Exercise requirements:
Where the records below show a line containing "#180=ORIENTED_EDGE('',*,*,#179,.T.);", start copying; end with the line containing "#198=LINE('',#197,#196);", and copy it too.

Extracted data:
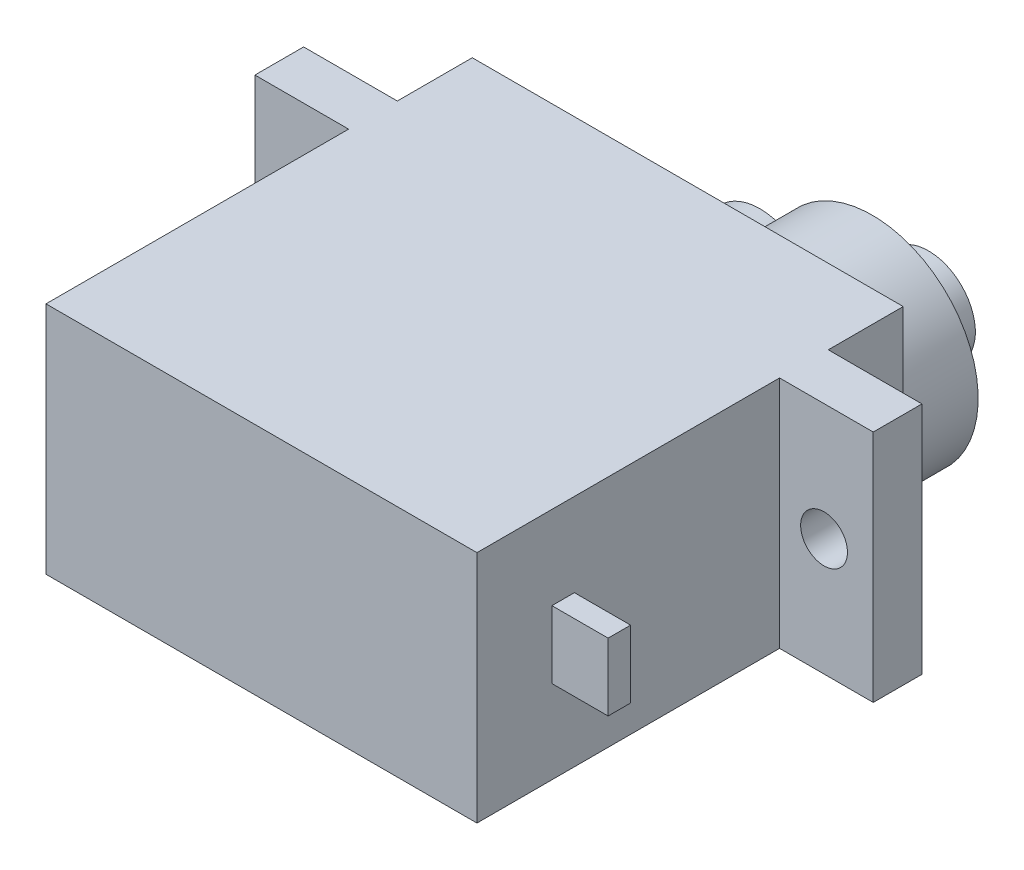
ISO-10303-21;
HEADER;
FILE_DESCRIPTION(('STEP AP214'),'2;1');
FILE_NAME('part.step','',(''),(''),'','','');
FILE_SCHEMA(('AUTOMOTIVE_DESIGN { 1 0 10303 214 1 1 1 1 }'));
ENDSEC;
DATA;
#1=APPLICATION_CONTEXT('core data for automotive mechanical design processes');
#2=APPLICATION_PROTOCOL_DEFINITION('international standard','automotive_design',2000,#1);
#3=PRODUCT_CONTEXT('',#1,'mechanical');
#4=PRODUCT('Part','Part','',(#3));
#5=PRODUCT_RELATED_PRODUCT_CATEGORY('part','',(#4));
#6=PRODUCT_DEFINITION_FORMATION('','',#4);
#7=PRODUCT_DEFINITION_CONTEXT('part definition',#1,'design');
#8=PRODUCT_DEFINITION('design','',#6,#7);
#9=PRODUCT_DEFINITION_SHAPE('','',#8);
#10=(LENGTH_UNIT() NAMED_UNIT(*) SI_UNIT(.MILLI.,.METRE.));
#11=(NAMED_UNIT(*) PLANE_ANGLE_UNIT() SI_UNIT($,.RADIAN.));
#12=(NAMED_UNIT(*) SI_UNIT($,.STERADIAN.) SOLID_ANGLE_UNIT());
#13=UNCERTAINTY_MEASURE_WITH_UNIT(LENGTH_MEASURE(1.E-05),#10,'distance_accuracy_value','');
#14=(GEOMETRIC_REPRESENTATION_CONTEXT(3) GLOBAL_UNCERTAINTY_ASSIGNED_CONTEXT((#13)) GLOBAL_UNIT_ASSIGNED_CONTEXT((#10,
#11,#12)) REPRESENTATION_CONTEXT('',''));
#15=CARTESIAN_POINT('',(0.,0.,0.));
#16=DIRECTION('',(0.,0.,1.));
#17=DIRECTION('',(1.,0.,0.));
#18=AXIS2_PLACEMENT_3D('',#15,#16,#17);
#19=CARTESIAN_POINT('',(23.,12.5,0.));
#20=DIRECTION('',(-1.,0.,0.));
#21=DIRECTION('',(0.,0.,1.));
#22=AXIS2_PLACEMENT_3D('',#19,#20,#21);
#23=PLANE('',#22);
#24=DIRECTION('',(0.,0.,-1.));
#25=VECTOR('',#24,1.);
#26=CARTESIAN_POINT('',(23.,0.,0.));
#27=LINE('',#26,#25);
#28=CARTESIAN_POINT('',(23.,0.,0.));
#29=VERTEX_POINT('',#28);
#30=CARTESIAN_POINT('',(23.,0.,-16.15));
#31=VERTEX_POINT('',#30);
#32=EDGE_CURVE('E273',#29,#31,#27,.T.);
#33=ORIENTED_EDGE('',*,*,#32,.T.);
#34=DIRECTION('',(0.,-1.,0.));
#35=VECTOR('',#34,1.);
#36=CARTESIAN_POINT('',(23.,12.5,-16.15));
#37=LINE('',#36,#35);
#38=CARTESIAN_POINT('',(23.,12.5,-16.15));
#39=VERTEX_POINT('',#38);
#40=EDGE_CURVE('E302',#39,#31,#37,.T.);
#41=ORIENTED_EDGE('',*,*,#40,.F.);
#42=DIRECTION('',(0.,0.,-1.));
#43=VECTOR('',#42,1.);
#44=CARTESIAN_POINT('',(23.,12.5,0.));
#45=LINE('',#44,#43);
#46=CARTESIAN_POINT('',(23.,12.5,0.));
#47=VERTEX_POINT('',#46);
#48=EDGE_CURVE('E248',#47,#39,#45,.T.);
#49=ORIENTED_EDGE('',*,*,#48,.F.);
#50=DIRECTION('',(0.,-1.,0.));
#51=VECTOR('',#50,1.);
#52=CARTESIAN_POINT('',(23.,12.5,0.));
#53=LINE('',#52,#51);
#54=EDGE_CURVE('E305',#47,#29,#53,.T.);
#55=ORIENTED_EDGE('',*,*,#54,.T.);
#56=EDGE_LOOP('',(#33,#41,#49,#55));
#57=FACE_BOUND('',#56,.T.);
#58=DIRECTION('',(0.,-1.,0.));
#59=VECTOR('',#58,1.);
#60=CARTESIAN_POINT('',(23.,8.05,-4.));
#61=LINE('',#60,#59);
#62=CARTESIAN_POINT('',(23.,8.05,-4.));
#63=VERTEX_POINT('',#62);
#64=CARTESIAN_POINT('',(23.,4.45,-4.));
#65=VERTEX_POINT('',#64);
#66=EDGE_CURVE('E185',#63,#65,#61,.T.);
#67=ORIENTED_EDGE('',*,*,#66,.F.);
#68=DIRECTION('',(0.,0.,1.));
#69=VECTOR('',#68,1.);
#70=CARTESIAN_POINT('',(23.,8.05,-4.));
#71=LINE('',#70,#69);
#72=CARTESIAN_POINT('',(23.,8.05,-5.2));
#73=VERTEX_POINT('',#72);
#74=EDGE_CURVE('E182',#73,#63,#71,.T.);
#75=ORIENTED_EDGE('',*,*,#74,.F.);
#76=DIRECTION('',(0.,1.,0.));
#77=VECTOR('',#76,1.);
#78=CARTESIAN_POINT('',(23.,8.05,-5.2));
#79=LINE('',#78,#77);
#80=CARTESIAN_POINT('',(23.,4.45,-5.2));
#81=VERTEX_POINT('',#80);
#82=EDGE_CURVE('E58',#81,#73,#79,.T.);
#83=ORIENTED_EDGE('',*,*,#82,.F.);
#84=DIRECTION('',(0.,0.,-1.));
#85=VECTOR('',#84,1.);
#86=CARTESIAN_POINT('',(23.,4.45,-4.));
#87=LINE('',#86,#85);
#88=EDGE_CURVE('E53',#65,#81,#87,.T.);
#89=ORIENTED_EDGE('',*,*,#88,.F.);
#90=EDGE_LOOP('',(#67,#75,#83,#89));
#91=FACE_BOUND('',#90,.T.);
#92=ADVANCED_FACE('F38',(#57,#91),#23,.F.);
#93=CARTESIAN_POINT('',(17.35,6.25,-26.75));
#94=DIRECTION('',(0.,0.,1.));
#95=DIRECTION('',(1.,0.,0.));
#96=AXIS2_PLACEMENT_3D('',#93,#94,#95);
#97=CYLINDRICAL_SURFACE('',#96,5.65);
#98=DIRECTION('',(0.,0.,1.));
#99=VECTOR('',#98,1.);
#100=CARTESIAN_POINT('',(12.415,3.49895020037805,-24.75));
#101=LINE('',#100,#99);
#102=CARTESIAN_POINT('',(12.415,3.49895020037805,-26.75));
#103=VERTEX_POINT('',#102);
#104=CARTESIAN_POINT('',(12.415,3.49895020037805,-22.75));
#105=VERTEX_POINT('',#104);
#106=EDGE_CURVE('E210',#103,#105,#101,.T.);
#107=ORIENTED_EDGE('',*,*,#106,.F.);
#108=CARTESIAN_POINT('',(17.35,6.25,-26.75));
#109=DIRECTION('',(0.,0.,-1.));
#110=DIRECTION('',(-1.,0.,0.));
#111=AXIS2_PLACEMENT_3D('',#108,#109,#110);
#112=CIRCLE('',#111,5.65);
#113=CARTESIAN_POINT('',(12.415,9.00104979962196,-26.75));
#114=VERTEX_POINT('',#113);
#115=EDGE_CURVE('E225',#114,#103,#112,.T.);
#116=ORIENTED_EDGE('',*,*,#115,.F.);
#117=DIRECTION('',(0.,0.,1.));
#118=VECTOR('',#117,1.);
#119=CARTESIAN_POINT('',(12.415,9.00104979962196,-24.75));
#120=LINE('',#119,#118);
#121=CARTESIAN_POINT('',(12.415,9.00104979962196,-22.75));
#122=VERTEX_POINT('',#121);
#123=EDGE_CURVE('E206',#122,#114,#120,.F.);
#124=ORIENTED_EDGE('',*,*,#123,.F.);
#125=CARTESIAN_POINT('',(17.35,6.25,-22.75));
#126=DIRECTION('',(0.,0.,-1.));
#127=DIRECTION('',(-1.,0.,0.));
#128=AXIS2_PLACEMENT_3D('',#125,#126,#127);
#129=CIRCLE('',#128,5.65);
#130=CARTESIAN_POINT('',(23.,6.25,-22.75));
#131=VERTEX_POINT('',#130);
#132=EDGE_CURVE('E222',#122,#131,#129,.T.);
#133=ORIENTED_EDGE('',*,*,#132,.T.);
#134=EDGE_CURVE('E229',#131,#105,#129,.T.);
#135=ORIENTED_EDGE('',*,*,#134,.T.);
#136=EDGE_LOOP('',(#107,#116,#124,#133,#135));
#137=FACE_BOUND('',#136,.T.);
#138=ADVANCED_FACE('F377',(#137),#97,.T.);
#139=CARTESIAN_POINT('',(0.,12.5,-18.75));
#140=DIRECTION('',(0.,0.,-1.));
#141=DIRECTION('',(-1.,0.,0.));
#142=AXIS2_PLACEMENT_3D('',#139,#140,#141);
#143=PLANE('',#142);
#144=CARTESIAN_POINT('',(-2.375,6.25,-18.75));
#145=DIRECTION('',(0.,0.,-1.));
#146=DIRECTION('',(-1.,0.,0.));
#147=AXIS2_PLACEMENT_3D('',#144,#145,#146);
#148=CIRCLE('',#147,1.25);
#149=CARTESIAN_POINT('',(-3.625,6.25,-18.75));
#150=VERTEX_POINT('',#149);
#151=EDGE_CURVE('E198',#150,#150,#148,.T.);
#152=ORIENTED_EDGE('',*,*,#151,.F.);
#153=EDGE_LOOP('',(#152));
#154=FACE_BOUND('',#153,.T.);
#155=DIRECTION('',(1.,0.,0.));
#156=VECTOR('',#155,1.);
#157=CARTESIAN_POINT('',(0.,0.,-18.75));
#158=LINE('',#157,#156);
#159=CARTESIAN_POINT('',(-5.,0.,-18.75));
#160=VERTEX_POINT('',#159);
#161=CARTESIAN_POINT('',(0.,0.,-18.75));
#162=VERTEX_POINT('',#161);
#163=EDGE_CURVE('E228',#160,#162,#158,.T.);
#164=ORIENTED_EDGE('',*,*,#163,.F.);
#165=DIRECTION('',(0.,-1.,0.));
#166=VECTOR('',#165,1.);
#167=CARTESIAN_POINT('',(-5.,12.5,-18.75));
#168=LINE('',#167,#166);
#169=CARTESIAN_POINT('',(-5.,12.5,-18.75));
#170=VERTEX_POINT('',#169);
#171=EDGE_CURVE('E11',#170,#160,#168,.T.);
#172=ORIENTED_EDGE('',*,*,#171,.F.);
#173=DIRECTION('',(1.,0.,0.));
#174=VECTOR('',#173,1.);
#175=CARTESIAN_POINT('',(0.,12.5,-18.75));
#176=LINE('',#175,#174);
#177=CARTESIAN_POINT('',(0.,12.5,-18.75));
#178=VERTEX_POINT('',#177);
#179=EDGE_CURVE('E232',#170,#178,#176,.T.);
#180=ORIENTED_EDGE('',*,*,#179,.T.);
#181=DIRECTION('',(0.,-1.,0.));
#182=VECTOR('',#181,1.);
#183=CARTESIAN_POINT('',(0.,12.5,-18.75));
#184=LINE('',#183,#182);
#185=EDGE_CURVE('E285',#178,#162,#184,.T.);
#186=ORIENTED_EDGE('',*,*,#185,.T.);
#187=EDGE_LOOP('',(#164,#172,#180,#186));
#188=FACE_BOUND('',#187,.T.);
#189=ADVANCED_FACE('F40',(#154,#188),#143,.T.);
#190=CARTESIAN_POINT('',(-5.,12.5,0.));
#191=DIRECTION('',(-1.,0.,0.));
#192=DIRECTION('',(0.,0.,1.));
#193=AXIS2_PLACEMENT_3D('',#190,#191,#192);
#194=PLANE('',#193);
#195=DIRECTION('',(0.,0.,-1.));
#196=VECTOR('',#195,1.);
#197=CARTESIAN_POINT('',(-5.,0.,0.));
#198=LINE('',#197,#196);
#199=CARTESIAN_POINT('',(-5.,0.,-16.15));
#200=VERTEX_POINT('',#199);
#201=EDGE_CURVE('E262',#200,#160,#198,.T.);
#202=ORIENTED_EDGE('',*,*,#201,.F.);
#203=DIRECTION('',(0.,-1.,0.));
#204=VECTOR('',#203,1.);
#205=CARTESIAN_POINT('',(-5.,12.5,-16.15));
#206=LINE('',#205,#204);
#207=CARTESIAN_POINT('',(-5.,12.5,-16.15));
#208=VERTEX_POINT('',#207);
#209=EDGE_CURVE('E46',#208,#200,#206,.T.);
#210=ORIENTED_EDGE('',*,*,#209,.F.);
#211=DIRECTION('',(0.,0.,-1.));
#212=VECTOR('',#211,1.);
#213=CARTESIAN_POINT('',(-5.,12.5,0.));
#214=LINE('',#213,#212);
#215=EDGE_CURVE('E235',#208,#170,#214,.T.);
#216=ORIENTED_EDGE('',*,*,#215,.T.);
#217=ORIENTED_EDGE('',*,*,#171,.T.);
#218=EDGE_LOOP('',(#202,#210,#216,#217));
#219=FACE_BOUND('',#218,.T.);
#220=ADVANCED_FACE('F318',(#219),#194,.T.);
#221=CARTESIAN_POINT('',(0.,12.5,-16.15));
#222=DIRECTION('',(0.,0.,1.));
#223=DIRECTION('',(1.,0.,0.));
#224=AXIS2_PLACEMENT_3D('',#221,#222,#223);
#225=PLANE('',#224);
#226=CARTESIAN_POINT('',(-2.375,6.25,-16.15));
#227=DIRECTION('',(0.,0.,1.));
#228=DIRECTION('',(1.,0.,0.));
#229=AXIS2_PLACEMENT_3D('',#226,#227,#228);
#230=CIRCLE('',#229,1.25);
#231=CARTESIAN_POINT('',(-1.125,6.25,-16.15));
#232=VERTEX_POINT('',#231);
#233=EDGE_CURVE('E197',#232,#232,#230,.F.);
#234=ORIENTED_EDGE('',*,*,#233,.T.);
#235=EDGE_LOOP('',(#234));
#236=FACE_BOUND('',#235,.T.);
#237=DIRECTION('',(-1.,0.,0.));
#238=VECTOR('',#237,1.);
#239=CARTESIAN_POINT('',(0.,0.,-16.15));
#240=LINE('',#239,#238);
#241=CARTESIAN_POINT('',(0.,0.,-16.15));
#242=VERTEX_POINT('',#241);
#243=EDGE_CURVE('E265',#242,#200,#240,.T.);
#244=ORIENTED_EDGE('',*,*,#243,.F.);
#245=DIRECTION('',(0.,-1.,0.));
#246=VECTOR('',#245,1.);
#247=CARTESIAN_POINT('',(0.,12.5,-16.15));
#248=LINE('',#247,#246);
#249=CARTESIAN_POINT('',(0.,12.5,-16.15));
#250=VERTEX_POINT('',#249);
#251=EDGE_CURVE('E310',#250,#242,#248,.T.);
#252=ORIENTED_EDGE('',*,*,#251,.F.);
#253=DIRECTION('',(-1.,0.,0.));
#254=VECTOR('',#253,1.);
#255=CARTESIAN_POINT('',(0.,12.5,-16.15));
#256=LINE('',#255,#254);
#257=EDGE_CURVE('E239',#250,#208,#256,.T.);
#258=ORIENTED_EDGE('',*,*,#257,.T.);
#259=ORIENTED_EDGE('',*,*,#209,.T.);
#260=EDGE_LOOP('',(#244,#252,#258,#259));
#261=FACE_BOUND('',#260,.T.);
#262=ADVANCED_FACE('F314',(#236,#261),#225,.T.);
#263=CARTESIAN_POINT('',(0.,12.5,0.));
#264=DIRECTION('',(-1.,0.,0.));
#265=DIRECTION('',(0.,0.,1.));
#266=AXIS2_PLACEMENT_3D('',#263,#264,#265);
#267=PLANE('',#266);
#268=DIRECTION('',(0.,0.,-1.));
#269=VECTOR('',#268,1.);
#270=CARTESIAN_POINT('',(0.,0.,0.));
#271=LINE('',#270,#269);
#272=CARTESIAN_POINT('',(0.,0.,0.));
#273=VERTEX_POINT('',#272);
#274=EDGE_CURVE('E268',#273,#242,#271,.T.);
#275=ORIENTED_EDGE('',*,*,#274,.F.);
#276=DIRECTION('',(0.,-1.,0.));
#277=VECTOR('',#276,1.);
#278=CARTESIAN_POINT('',(0.,12.5,0.));
#279=LINE('',#278,#277);
#280=CARTESIAN_POINT('',(0.,12.5,0.));
#281=VERTEX_POINT('',#280);
#282=EDGE_CURVE('E308',#281,#273,#279,.T.);
#283=ORIENTED_EDGE('',*,*,#282,.F.);
#284=DIRECTION('',(0.,0.,-1.));
#285=VECTOR('',#284,1.);
#286=CARTESIAN_POINT('',(0.,12.5,0.));
#287=LINE('',#286,#285);
#288=EDGE_CURVE('E242',#281,#250,#287,.T.);
#289=ORIENTED_EDGE('',*,*,#288,.T.);
#290=ORIENTED_EDGE('',*,*,#251,.T.);
#291=EDGE_LOOP('',(#275,#283,#289,#290));
#292=FACE_BOUND('',#291,.T.);
#293=ADVANCED_FACE('F326',(#292),#267,.T.);
#294=CARTESIAN_POINT('',(0.,12.5,0.));
#295=DIRECTION('',(0.,0.,-1.));
#296=DIRECTION('',(-1.,0.,0.));
#297=AXIS2_PLACEMENT_3D('',#294,#295,#296);
#298=PLANE('',#297);
#299=DIRECTION('',(1.,0.,0.));
#300=VECTOR('',#299,1.);
#301=CARTESIAN_POINT('',(0.,0.,0.));
#302=LINE('',#301,#300);
#303=EDGE_CURVE('E271',#273,#29,#302,.T.);
#304=ORIENTED_EDGE('',*,*,#303,.T.);
#305=ORIENTED_EDGE('',*,*,#54,.F.);
#306=DIRECTION('',(1.,0.,0.));
#307=VECTOR('',#306,1.);
#308=CARTESIAN_POINT('',(0.,12.5,0.));
#309=LINE('',#308,#307);
#310=EDGE_CURVE('E245',#281,#47,#309,.T.);
#311=ORIENTED_EDGE('',*,*,#310,.F.);
#312=ORIENTED_EDGE('',*,*,#282,.T.);
#313=EDGE_LOOP('',(#304,#305,#311,#312));
#314=FACE_BOUND('',#313,.T.);
#315=ADVANCED_FACE('F372',(#314),#298,.F.);
#316=CARTESIAN_POINT('',(0.,12.5,-16.15));
#317=DIRECTION('',(0.,0.,-1.));
#318=DIRECTION('',(-1.,0.,0.));
#319=AXIS2_PLACEMENT_3D('',#316,#317,#318);
#320=PLANE('',#319);
#321=CARTESIAN_POINT('',(25.375,6.25,-16.15));
#322=DIRECTION('',(0.,0.,-1.));
#323=DIRECTION('',(-1.,0.,0.));
#324=AXIS2_PLACEMENT_3D('',#321,#322,#323);
#325=CIRCLE('',#324,1.25);
#326=CARTESIAN_POINT('',(24.125,6.25,-16.15));
#327=VERTEX_POINT('',#326);
#328=EDGE_CURVE('E189',#327,#327,#325,.F.);
#329=ORIENTED_EDGE('',*,*,#328,.F.);
#330=EDGE_LOOP('',(#329));
#331=FACE_BOUND('',#330,.T.);
#332=DIRECTION('',(1.,0.,0.));
#333=VECTOR('',#332,1.);
#334=CARTESIAN_POINT('',(0.,0.,-16.15));
#335=LINE('',#334,#333);
#336=CARTESIAN_POINT('',(28.,0.,-16.15));
#337=VERTEX_POINT('',#336);
#338=EDGE_CURVE('E275',#31,#337,#335,.T.);
#339=ORIENTED_EDGE('',*,*,#338,.T.);
#340=DIRECTION('',(0.,-1.,0.));
#341=VECTOR('',#340,1.);
#342=CARTESIAN_POINT('',(28.,12.5,-16.15));
#343=LINE('',#342,#341);
#344=CARTESIAN_POINT('',(28.,12.5,-16.15));
#345=VERTEX_POINT('',#344);
#346=EDGE_CURVE('E299',#345,#337,#343,.T.);
#347=ORIENTED_EDGE('',*,*,#346,.F.);
#348=DIRECTION('',(1.,0.,0.));
#349=VECTOR('',#348,1.);
#350=CARTESIAN_POINT('',(0.,12.5,-16.15));
#351=LINE('',#350,#349);
#352=EDGE_CURVE('E250',#39,#345,#351,.T.);
#353=ORIENTED_EDGE('',*,*,#352,.F.);
#354=ORIENTED_EDGE('',*,*,#40,.T.);
#355=EDGE_LOOP('',(#339,#347,#353,#354));
#356=FACE_BOUND('',#355,.T.);
#357=ADVANCED_FACE('F365',(#331,#356),#320,.F.);
#358=CARTESIAN_POINT('',(28.,12.5,0.));
#359=DIRECTION('',(-1.,0.,0.));
#360=DIRECTION('',(0.,0.,1.));
#361=AXIS2_PLACEMENT_3D('',#358,#359,#360);
#362=PLANE('',#361);
#363=DIRECTION('',(0.,0.,-1.));
#364=VECTOR('',#363,1.);
#365=CARTESIAN_POINT('',(28.,0.,0.));
#366=LINE('',#365,#364);
#367=CARTESIAN_POINT('',(28.,0.,-18.75));
#368=VERTEX_POINT('',#367);
#369=EDGE_CURVE('E278',#337,#368,#366,.T.);
#370=ORIENTED_EDGE('',*,*,#369,.T.);
#371=DIRECTION('',(0.,-1.,0.));
#372=VECTOR('',#371,1.);
#373=CARTESIAN_POINT('',(28.,12.5,-18.75));
#374=LINE('',#373,#372);
#375=CARTESIAN_POINT('',(28.,12.5,-18.75));
#376=VERTEX_POINT('',#375);
#377=EDGE_CURVE('E296',#376,#368,#374,.T.);
#378=ORIENTED_EDGE('',*,*,#377,.F.);
#379=DIRECTION('',(0.,0.,-1.));
#380=VECTOR('',#379,1.);
#381=CARTESIAN_POINT('',(28.,12.5,0.));
#382=LINE('',#381,#380);
#383=EDGE_CURVE('E253',#345,#376,#382,.T.);
#384=ORIENTED_EDGE('',*,*,#383,.F.);
#385=ORIENTED_EDGE('',*,*,#346,.T.);
#386=EDGE_LOOP('',(#370,#378,#384,#385));
#387=FACE_BOUND('',#386,.T.);
#388=ADVANCED_FACE('F361',(#387),#362,.F.);
#389=CARTESIAN_POINT('',(0.,12.5,-18.75));
#390=DIRECTION('',(0.,0.,1.));
#391=DIRECTION('',(1.,0.,0.));
#392=AXIS2_PLACEMENT_3D('',#389,#390,#391);
#393=PLANE('',#392);
#394=CARTESIAN_POINT('',(25.375,6.25,-18.75));
#395=DIRECTION('',(0.,0.,-1.));
#396=DIRECTION('',(-1.,0.,0.));
#397=AXIS2_PLACEMENT_3D('',#394,#395,#396);
#398=CIRCLE('',#397,1.25);
#399=CARTESIAN_POINT('',(24.125,6.25,-18.75));
#400=VERTEX_POINT('',#399);
#401=EDGE_CURVE('E186',#400,#400,#398,.T.);
#402=ORIENTED_EDGE('',*,*,#401,.F.);
#403=EDGE_LOOP('',(#402));
#404=FACE_BOUND('',#403,.T.);
#405=DIRECTION('',(-1.,0.,0.));
#406=VECTOR('',#405,1.);
#407=CARTESIAN_POINT('',(0.,0.,-18.75));
#408=LINE('',#407,#406);
#409=CARTESIAN_POINT('',(23.,0.,-18.75));
#410=VERTEX_POINT('',#409);
#411=EDGE_CURVE('E280',#368,#410,#408,.T.);
#412=ORIENTED_EDGE('',*,*,#411,.T.);
#413=DIRECTION('',(0.,-1.,0.));
#414=VECTOR('',#413,1.);
#415=CARTESIAN_POINT('',(23.,12.5,-18.75));
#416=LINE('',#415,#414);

Solution:
#180=ORIENTED_EDGE('',*,*,#179,.T.);
#181=DIRECTION('',(0.,-1.,0.));
#182=VECTOR('',#181,1.);
#183=CARTESIAN_POINT('',(0.,12.5,-18.75));
#184=LINE('',#183,#182);
#185=EDGE_CURVE('E285',#178,#162,#184,.T.);
#186=ORIENTED_EDGE('',*,*,#185,.T.);
#187=EDGE_LOOP('',(#164,#172,#180,#186));
#188=FACE_BOUND('',#187,.T.);
#189=ADVANCED_FACE('F40',(#154,#188),#143,.T.);
#190=CARTESIAN_POINT('',(-5.,12.5,0.));
#191=DIRECTION('',(-1.,0.,0.));
#192=DIRECTION('',(0.,0.,1.));
#193=AXIS2_PLACEMENT_3D('',#190,#191,#192);
#194=PLANE('',#193);
#195=DIRECTION('',(0.,0.,-1.));
#196=VECTOR('',#195,1.);
#197=CARTESIAN_POINT('',(-5.,0.,0.));
#198=LINE('',#197,#196);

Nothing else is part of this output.